La Juventus continua a lavorare per riportare Randal Kolo Muani a Torino. L'attaccante francese rimane il primo obiettivo del club bianconero per rinforzare il reparto offensivo in vista della stagione 2026-2027, ma la trattativa con il Paris Saint-Germain si sta rivelando particolarmente complessa dal punto di vista economico.
Il club parigino continua infatti a chiedere una cifra ritenuta elevata dalla dirigenza juventina, che non vuole effettuare investimenti fuori dai parametri fissati per questa sessione di mercato.
La Juventus non ha però intenzione di mollare la presa.
Kolo Muani ha già manifestato il proprio gradimento nei confronti della destinazione bianconera e il dialogo tra le parti resta aperto. I prossimi giorni saranno decisivi per capire se ci saranno i margini per trovare la formula giusta e chiudere l'operazione.
Santiago Castro è l'alternativa che piace alla Juventus
Nel caso in cui la trattativa per Kolo Muani non dovesse sbloccarsi, la Juventus sta valutando diverse alternative di alto livello. Tra queste c'è Santiago Castro, attaccante argentino del Bologna che ha impressionato in Serie A grazie alle sue qualità tecniche e alla capacità di giocare sia da prima punta sia in appoggio ai compagni.
Il profilo del centravanti argentino piace molto per età (21 anni), prospettive di crescita e caratteristiche tecniche.
La Juventus monitora con attenzione la situazione, consapevole che l'eventuale operazione richiederebbe comunque un investimento importante (almeno 40 milioni di euro).

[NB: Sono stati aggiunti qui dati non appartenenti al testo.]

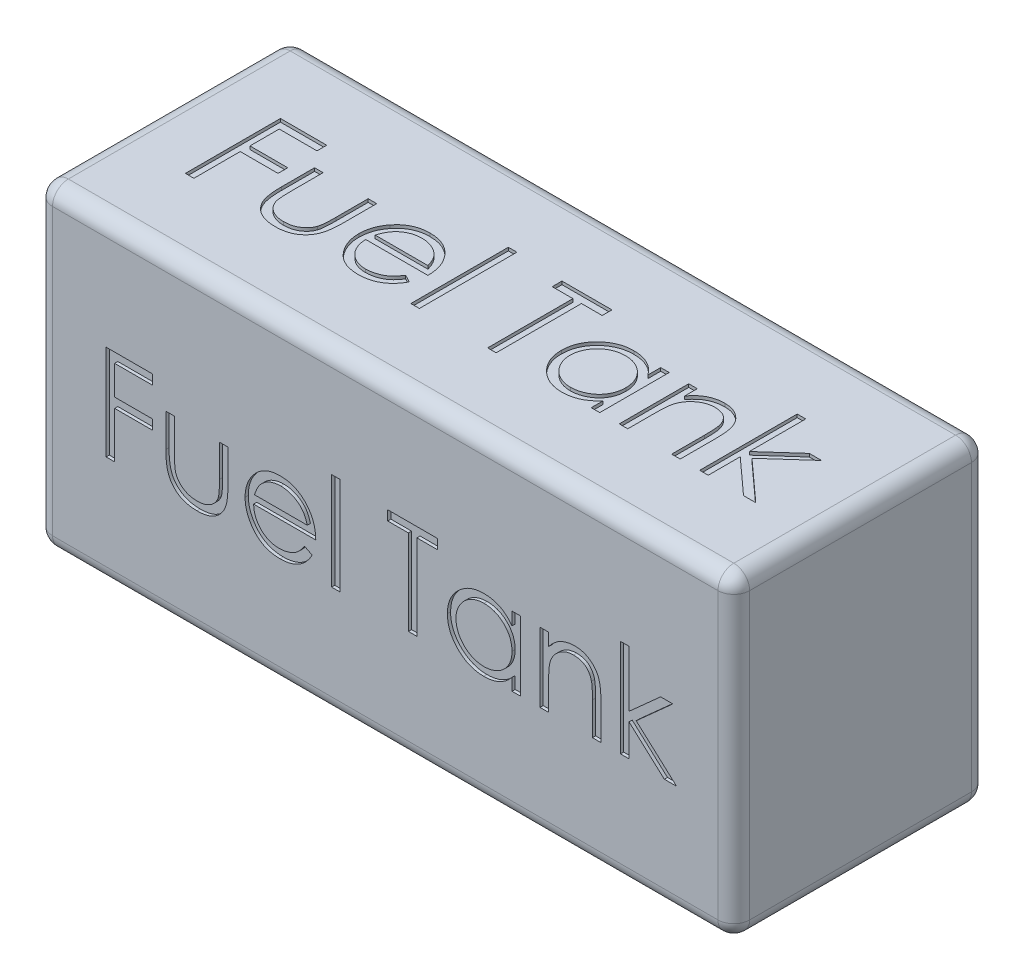
from build123d import *

# Parameters (mm, degrees)
SKETCH2_W           = 220
SKETCH2_H           = 80
BOSS_EXTRUDE1_DEPTH = 50
SKETCH3_W           = 2.692307692
SKETCH3_H           = 30.769230769
CUT_EXTRUDE1_DEPTH  = 1
SKETCH4_W           = 2.692307692
SKETCH4_H           = 30.769230769
CUT_EXTRUDE2_DEPTH  = 1
SKETCH5_W           = 2.692307692
SKETCH5_H           = 30.769230769
CUT_EXTRUDE3_DEPTH  = 1
FILLET1_R           = 5


with BuildPart() as part:
    # Sketch2 → Boss-Extrude1 (new, symmetric)
    with BuildSketch(Plane(origin=(0, 0, 0), x_dir=(1, 0, 0), z_dir=(0, 1, 0))):
        Rectangle(SKETCH2_W, SKETCH2_H)
    extrude(amount=BOSS_EXTRUDE1_DEPTH, both=True)

    # Sketch3 → Cut-Extrude1 (cut)
    # profile 1 of 8: a face of its own
    with BuildSketch(Plane(origin=(0, 50, 0), x_dir=(1, 0, 0), z_dir=(0, 1, 0))):
        Polygon((-88.076923077, 15), (-73.461538462, 15), (-73.461538462, 11.923076923), (-85.384615385, 11.923076923), (-85.384615385, 2.692307692), (-73.461538462, 2.692307692), (-73.461538462, -0.384615385), (-85.384615385, -0.384615385), (-85.384615385, -15), (-88.076923077, -15), align=None)
    # profile 2 of 8: a face of its own
    with BuildSketch(Plane(origin=(0, 50, 0), x_dir=(1, 0, 0), z_dir=(0, 1, 0))):
        with BuildLine():
            Line((-69.230769231, 6.923076923), (-66.538461538, 6.923076923))
            Line((-66.538461538, 6.923076923), (-66.538461538, -3.245192308))
            add(Edge.make_bspline(
                [(-66.538461538, -3.245192308), (-66.537245211, -3.543673015), (-66.534918433, -4.114652627), (-66.519138939, -4.936268513), (-66.482023851, -5.685554622), (-66.435619641, -6.362943794), (-66.375944188, -6.968321436), (-66.304943955, -7.499573068), (-66.225586056, -7.962723217), (-66.14790565, -8.241666266), (-66.111778846, -8.371394231)],
                knots=[0, 0, 0, 0, 1.388932606, 2.656963016, 3.823490214, 4.879454478, 5.816252168, 6.653371382, 7.373723809, 8, 8, 8, 8], degree=3))
            add(Edge.make_bspline(
                [(-66.111778846, -8.371394231), (-66.053823517, -8.534447411), (-65.939117737, -8.857163934), (-65.731059305, -9.323355407), (-65.473673563, -9.755143542), (-65.192017896, -10.169178451), (-64.86716583, -10.553195482), (-64.503227506, -10.906546142), (-64.112385475, -11.242581209), (-63.531628132, -11.640165141), (-62.737405852, -12.066296542), (-61.694667949, -12.433974985), (-60.564060299, -12.653710585), (-59.782648419, -12.6792042), (-59.381009615, -12.692307692)],
                knots=[0, 0, 0, 0, 0.725840625, 1.436591201, 2.137033971, 2.831655856, 3.53531722, 4.242432219, 4.957935707, 5.694543706, 7.190802206, 8.724350549, 10.316345118, 12, 12, 12, 12], degree=3))
            add(Edge.make_bspline(
                [(-59.381009615, -12.692307692), (-58.979408121, -12.678925561), (-58.202383535, -12.653033614), (-57.084198084, -12.440603283), (-56.062043103, -12.085697378), (-55.146177807, -11.590205277), (-54.340756319, -10.983844738), (-53.669575587, -10.272340663), (-53.11579912, -9.478203061), (-52.874004086, -8.885709243), (-52.752403846, -8.587740385)],
                knots=[0, 0, 0, 0, 1.157059328, 2.238695713, 3.266970494, 4.264342957, 5.228770407, 6.160125903, 7.074715775, 8, 8, 8, 8], degree=3))
            add(Edge.make_bspline(
                [(-52.752403846, -8.587740385), (-52.716453303, -8.468029253), (-52.636975431, -8.203377178), (-52.551583847, -7.754407906), (-52.47465989, -7.21899701), (-52.408975523, -6.593640936), (-52.362131272, -5.879973915), (-52.336879616, -5.078218976), (-52.308351543, -4.190893032), (-52.307918546, -3.569740809), (-52.307692308, -3.245192308)],
                knots=[0, 0, 0, 0, 0.557542046, 1.232589297, 2.036731608, 2.971723315, 4.038036528, 5.22795436, 6.551621927, 8, 8, 8, 8], degree=3))
            Line((-52.307692308, -3.245192308), (-52.307692308, 6.923076923))
            Line((-52.307692308, 6.923076923), (-49.615384615, 6.923076923))
            Line((-49.615384615, 6.923076923), (-49.615384615, -3.75))
            add(Edge.make_bspline(
                [(-49.615384615, -3.75), (-49.619170571, -4.112632898), (-49.626515843, -4.816190326), (-49.673721644, -5.838625567), (-49.754718324, -6.791444809), (-49.877655624, -7.675152408), (-50.022218549, -8.48907368), (-50.208700889, -9.234251788), (-50.431371498, -9.908390822), (-50.682561626, -10.523320338), (-50.979320491, -11.080865146), (-51.294980667, -11.610029288), (-51.659478711, -12.097683018), (-52.043223576, -12.568101337), (-52.470094912, -12.997885858), (-52.932093703, -13.396898508), (-53.422717302, -13.77123878), (-53.952853285, -14.106306889), (-54.514762395, -14.408163849), (-55.109138313, -14.675730233), (-55.743261155, -14.887466608), (-56.408949471, -15.070129457), (-57.109464723, -15.213396336), (-57.844131578, -15.314424051), (-58.612702574, -15.376355458), (-59.136497943, -15.381815843), (-59.405048077, -15.384615385)],
                knots=[0, 0, 0, 0, 1.493040784, 2.896703357, 4.213163133, 5.428574705, 6.569057535, 7.615249723, 8.588095153, 9.490268104, 10.346124644, 11.18633936, 12.024365274, 12.850166724, 13.684164916, 14.514361689, 15.362232829, 16.222528818, 17.093394965, 17.986930858, 18.902426812, 19.842810585, 20.827885679, 21.843828298, 22.894529745, 24, 24, 24, 24], degree=3))
            add(Edge.make_bspline(
                [(-59.405048077, -15.384615385), (-59.671589626, -15.381703609), (-60.195368584, -15.375981699), (-60.963979249, -15.314766205), (-61.700681589, -15.213553313), (-62.402856433, -15.069080021), (-63.07120841, -14.888745136), (-63.708444752, -14.674429118), (-64.307103864, -14.408024989), (-64.874378184, -14.108217353), (-65.405827225, -13.769086421), (-65.903900752, -13.397360367), (-66.367930916, -12.993594112), (-66.798020071, -12.559473908), (-67.188131299, -12.089614454), (-67.543125942, -11.587795365), (-67.868469129, -11.058988892), (-68.162921617, -10.492733214), (-68.415879522, -9.870687415), (-68.639210201, -9.182426583), (-68.821872816, -8.420405011), (-68.970522545, -7.585274195), (-69.090106321, -6.681030981), (-69.173130398, -5.702444565), (-69.219551804, -4.651898632), (-69.226949473, -3.926328146), (-69.230769231, -3.551682692)],
                knots=[0, 0, 0, 0, 1.083640291, 2.129454052, 3.13281866, 4.105697902, 5.042300162, 5.946461698, 6.836384745, 7.703652036, 8.553297018, 9.397182691, 10.228592656, 11.052265423, 11.879314572, 12.708807002, 13.549817954, 14.402308542, 15.300838682, 16.27712199, 17.341985831, 18.484375296, 19.725102775, 21.0496083, 22.476576903, 24, 24, 24, 24], degree=3))
            Line((-69.230769231, -3.551682692), (-69.230769231, 6.923076923))
        make_face()
    # profile 3 of 8: a face of its own
    with BuildSketch(Plane(origin=(0, 50, 0), x_dir=(1, 0, 0), z_dir=(0, 1, 0))):
        with BuildLine():
            Line((-25.46875, -8.076923077), (-23.076923077, -9.332932692))
            add(Edge.make_bspline(
                [(-23.076923077, -9.332932692), (-23.267522465, -9.671018389), (-23.638353395, -10.32879927), (-24.276074091, -11.232500931), (-24.94457757, -12.045481353), (-25.674040153, -12.746021247), (-26.442637401, -13.356747404), (-27.254631585, -13.891071616), (-28.114250023, -14.346373219), (-29.021533378, -14.729966315), (-29.984100959, -15.024904836), (-31.004285386, -15.233226729), (-32.08404106, -15.361997603), (-32.824151173, -15.376955953), (-33.203125, -15.384615385)],
                knots=[0, 0, 0, 0, 1.120438281, 2.179929193, 3.190490725, 4.156257408, 5.095198341, 6.022838206, 6.959905092, 7.901321166, 8.864066838, 9.862729781, 10.905609505, 12, 12, 12, 12], degree=3))
            add(Edge.make_bspline(
                [(-33.203125, -15.384615385), (-33.62434195, -15.374782453), (-34.446014193, -15.355601253), (-35.642069168, -15.190237272), (-36.768178469, -14.920474197), (-37.824278783, -14.543626699), (-38.807783805, -14.051392492), (-39.720648275, -13.451739791), (-40.567672783, -12.747749037), (-41.322166004, -11.933322378), (-42.001399285, -11.061762744), (-42.600763456, -10.153569449), (-43.101827151, -9.211027525), (-43.509420952, -8.240137319), (-43.838605509, -7.247018231), (-44.068034399, -6.222634223), (-44.200289381, -5.169757787), (-44.220556057, -4.457494909), (-44.230769231, -4.098557692)],
                knots=[0, 0, 0, 0, 1.145258523, 2.234067595, 3.276747158, 4.290159414, 5.277019952, 6.260822364, 7.254936242, 8.264827045, 9.274100331, 10.257902744, 11.220704747, 12.172965371, 13.118907548, 14.062713208, 15.023725156, 16, 16, 16, 16], degree=3))
            add(Edge.make_bspline(
                [(-44.230769231, -4.098557692), (-44.221690877, -3.76174486), (-44.203698777, -3.094226306), (-44.090292028, -2.106235924), (-43.889306659, -1.145992045), (-43.613509597, -0.212696777), (-43.257356058, 0.692087229), (-42.821651322, 1.568910631), (-42.305716655, 2.416840401), (-41.907379451, 2.951724405), (-41.706730769, 3.221153846)],
                knots=[0, 0, 0, 0, 1.024358464, 2.0301432, 3.019427413, 4.004406732, 4.986367066, 5.972626655, 6.978780325, 8, 8, 8, 8], degree=3))
            add(Edge.make_bspline(
                [(-41.706730769, 3.221153846), (-41.434950631, 3.545744161), (-40.89999966, 4.184642594), (-39.9952309, 5.024113957), (-39.015514931, 5.727346316), (-37.973129565, 6.310264626), (-36.855959787, 6.7531816), (-35.679023007, 7.083246591), (-34.428917982, 7.268200971), (-33.574301803, 7.294325259), (-33.137019231, 7.307692308)],
                knots=[0, 0, 0, 0, 1.030682036, 2.02871468, 2.997146059, 3.962720338, 4.930598197, 5.918074684, 6.934738563, 8, 8, 8, 8], degree=3))
            add(Edge.make_bspline(
                [(-33.137019231, 7.307692308), (-32.687468328, 7.296086174), (-31.805551934, 7.273317586), (-30.519562326, 7.062234729), (-29.302756184, 6.727498547), (-28.155620433, 6.254751771), (-27.078038769, 5.644812756), (-26.077015487, 4.889311257), (-25.135431094, 4.011441938), (-24.587643275, 3.336328714), (-24.308894231, 2.992788462)],
                knots=[0, 0, 0, 0, 1.056321875, 2.072262726, 3.055038591, 4.01806755, 4.982017516, 5.957941055, 6.960871419, 8, 8, 8, 8], degree=3))
            add(Edge.make_bspline(
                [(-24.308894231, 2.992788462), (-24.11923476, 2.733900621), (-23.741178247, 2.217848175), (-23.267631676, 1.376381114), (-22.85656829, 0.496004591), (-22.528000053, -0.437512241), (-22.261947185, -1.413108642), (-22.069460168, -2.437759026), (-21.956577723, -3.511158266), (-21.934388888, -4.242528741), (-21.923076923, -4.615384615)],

Castro rappresenta una soluzione futuribile che potrebbe garantire un elevato valore tecnico anche nel lungo periodo.
Contatti con il Parma per Mateo Pellegrino
Nelle ultime ore è salito alla ribalta anche il nome di Mateo Pellegrino. L'attaccante del Parma è finito nel mirino della Juventus, che ha già avviato i primi contatti sia con il club emiliano sia con l'entourage del giocatore. I bianconeri stanno valutando concretamente il suo profilo come possibile rinforzo offensivo per la prossima stagione.
Pellegrino ha convinto gli osservatori juventini grazie alla sua fisicità, alla capacità di attaccare l'area di rigore e ai margini di crescita ancora importanti.
La sua valutazione (circa 30 milioni di euro) è decisamente più accessibile rispetto a quella di altri obiettivi seguiti dalla Juventus, un aspetto che potrebbe favorire un'accelerata nelle prossime settimane.